NovelToon NovelToon
Pembalasan Rania

Pembalasan Rania

Status: sedang berlangsung
Genre:Angst / Pelakor / Keluarga / Kehidupan Manis Setelah Patah Hati / Penyesalan Suami / Selingkuh
Popularitas:3.4k
Nilai: 5
Nama Author: sweetiemiliky

Calon suami Rania direbut oleh adik kandungnya sendiri. Apa Rania akan diam saja dan merelakan calon suaminya? Tentu saja tidak! Rania membalaskan dendamnya dengan cara yang lebih sakit, meski harus merelakan dirinya sendiri.

Karya ini diterbitkan atas izin NovelToon sweetiemiliky, isi konten hanyalah pandangan pribadi pembuatnya, tidak mewakili NovelToon sendiri

Bab 19 : Siapa ayahnya?

"Aku dengar dari ibu, katanya mbak juga sedang hamil? Dengan siapa?"

Rania hanya berniat mengambil air putih dari kulkas untuk dibawa ke kamar agar tidak perlu naik-turun tangga sebenarnya. Tapi malah ada Ambar yang secara tiba-tiba datang menghampiri dan langsung melempar tanya.

"Bukan urusanmu."

Ambar tersenyum mengejek. "Apa dia tidak punya ayah karena terlalu banyak pria yang menikmati tubuhmu?

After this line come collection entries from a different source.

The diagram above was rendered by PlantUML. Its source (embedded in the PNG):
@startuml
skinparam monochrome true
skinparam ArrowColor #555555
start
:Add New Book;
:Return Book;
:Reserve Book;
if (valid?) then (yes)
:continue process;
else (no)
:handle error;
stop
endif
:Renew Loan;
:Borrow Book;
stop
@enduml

Sampai mbak tidak tahu ayahnya yang mana."

"Aku tidak sepertimu, kalau kamu lupa. Lagipula tidak penting juga 'kan untukmu."

"Tentu saja penting—,"

"Apa kamu takut ayahnya adalah Bumi?" Rania terkekeh seraya melipat ke-dua tangannya didepan dada. "Kalau diingat-ingat, hubungan kami memang terjalin cukup lama. Bagaimana kalau benar ini adalah anaknya?"

Tangan Ambar terasa gatal ingin menampar wajah menyebalkan kakaknya. Entah hanya perasaannya saja atau bagaimana, sorot mata Rania terasa berbeda dari biasanya.

Ambar menahan tangan Rania saat perempuan itu hendak bergerak pergi. "Aku belum selesai bicara dengan mbak."

"Tapi aku rasa tidak ada yang harus dibicarakan lagi. Jadi, jauhkan tanganmu sekarang."

"Tidak sebelum mbak memberitahu aku siapa ayahnya."

"Terimakasih atas perhatiannya, Ambar. Tapi kamu tidak perlu repot-repot memperhatikan anakku. Urus saja dirimu sendiri."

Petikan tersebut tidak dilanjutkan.